Treasures of the heart, part 2
But Mary treasured up all these things and pondered them in her heart. (Luke 2:19)
This past Christmas season has left me contemplating this particular verse. I’ve always thought this verse was a tender one. I think, now, as a mother myself, I relate so well to what Mary experienced that night. I have little snapshots of moments that, though they are mental pictures, they are somehow treasured in my heart. I will never forget the first time I saw Will right after he was born. I was taken back by his beautiful blue eyes. I remember his first steps at the beach house. I remember taking pictures of our boys on the beach and watching Josh’s determined spirit scamper as fast as he could over those sand dunes after his brother. I can hear Emma Faye, recently, say to me with an enormous grin on her face, “Mommy, we good friends.” And then give me one of the biggest hugs I’ve had from her. There are so many more. I’m so thankful that the Lord gave us a memory. Isn’t that amazing. People can come and go into our lives, yet our memory has the ability to preserve such images, and even smells! I’m thankful this morning for my memory.
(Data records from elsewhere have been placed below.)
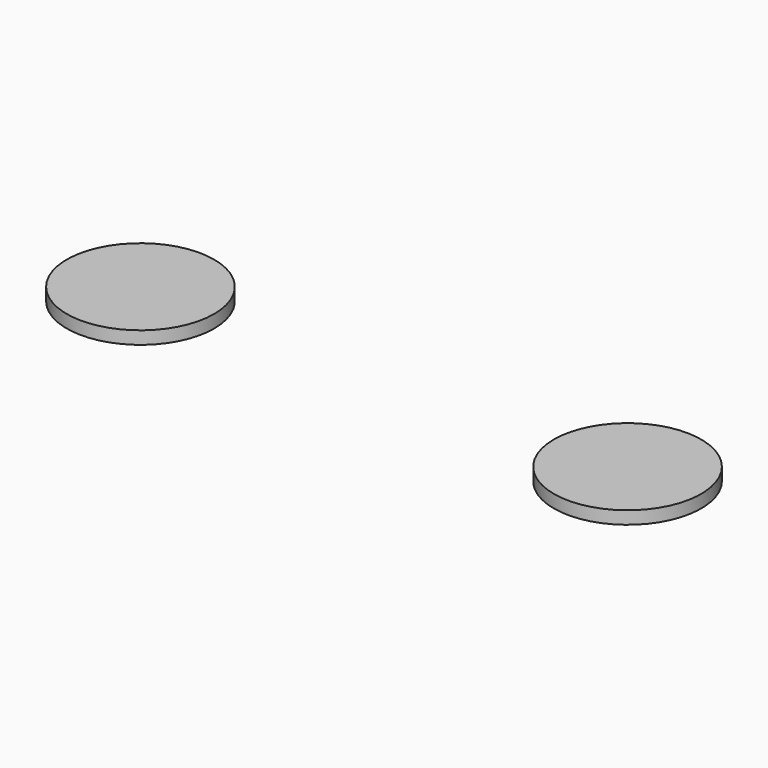
from build123d import *

# Parameters (mm, degrees)
F1_DEPTH = 2
F0_R     = 11.5
F0_R_2   = 4


# Not quite as in the source:
# - the program builds the solid bodies; features that only make, move or delete a surface that nothing else refers to are left out


with BuildPart() as f1:
    # F0 (on Top) → F1 (new body)
    with BuildSketch(Plane.XY):
        with BuildLine():
            ThreePointArc((49.5, 0), (38, 11.5), (26.5, 0))
            ThreePointArc((26.5, 0), (38, -11.5), (49.5, 0))
        make_face()
        with BuildLine():
            ThreePointArc((42, 0), (38, -4), (34, 0))
            ThreePointArc((34, 0), (38, 4), (42, 0))
        make_face(mode=Mode.SUBTRACT)
        with BuildLine():
            ThreePointArc((42, 0), (38, 4), (34, 0))
            ThreePointArc((34, 0), (38, -4), (42, 0))
        make_face()
    extrude(amount=F1_DEPTH)


with BuildPart() as f1b:
    # F0 (on Top) → F1, piece 2 (new body)
    with BuildSketch(Plane.XY):
        with Locations((-38, 0)):
            Circle(F0_R)
        with Locations((-38, 0)):
            Circle(F0_R_2, mode=Mode.SUBTRACT)
        with Locations((-38, 0)):
            Circle(F0_R_2)
    extrude(amount=F1_DEPTH)


solid = Compound([f1.part, f1b.part])

But in thinking of Mary, I began to think about how she stood and watched her firstborn son be crucified. I know I couldn’t have done that. I, too, probably would have been slain that day. I know myself and I would have fought my way through the crowd. I’d probably have grabbed some weapon and began fighting the soldiers, myself- and probably to my death. How could she sit there and watch? I kept asking myself and the only reason I could come up with was her faith in Christ. She knew he was Lord. She knew He could step off as soon as He wanted and it be over. She knew these things and she accepted them; she trusted them. Although, I don’t know if ANYONE during that time knew exactly what His innocent crucifixion would mean, I believe she knew it would bring God glory in the end.
I’ve been thinking about that kind of faith as I’ve been praying through decisions regarding my own children. I find myself realizing that I can’t protect or prevent all pain from ever laying a finger on my precious little ones. I try, believe me, I try. I am learning to trust. I am realizing that part of their pain and struggle is a part of their story and how God can use that suffering to bring Him glory. As my kids are getting older, I can’t be with them all the time like I can with an infant. I can’t make sure everything is perfect in their environment. I CAN help them filter through the good from the bad. The holy from the unholy. THESE are the tools they need to equip them for life. I can teach them to match up their questions and struggles with what scripture says. These are things that will enable them. Not sheltering them. I know all of this isn’t new information. These are just new to ME!
And it’s very difficult for me to release them to my Lord, sometimes. (Like I can take care of them better.. HA!)
A good friend in Life Group last night said something that I thought was so precious. “Children are the only things we can take with us to heaven.” I know that there are other things.. like our salvation and relationship with Jesus… but I was moved by this statement. Once again, treasures in heaven was on the forefront of my mind. Invest in what is eternal my friends. Invest in what is eternal.
Now it’s 7:34 and all of my children are awake. I will begin my day. Lord, keep close to my heart and mind the knowledge that every interaction with these little souls is a divine appointment and opportunity to teach them your truths and model your life.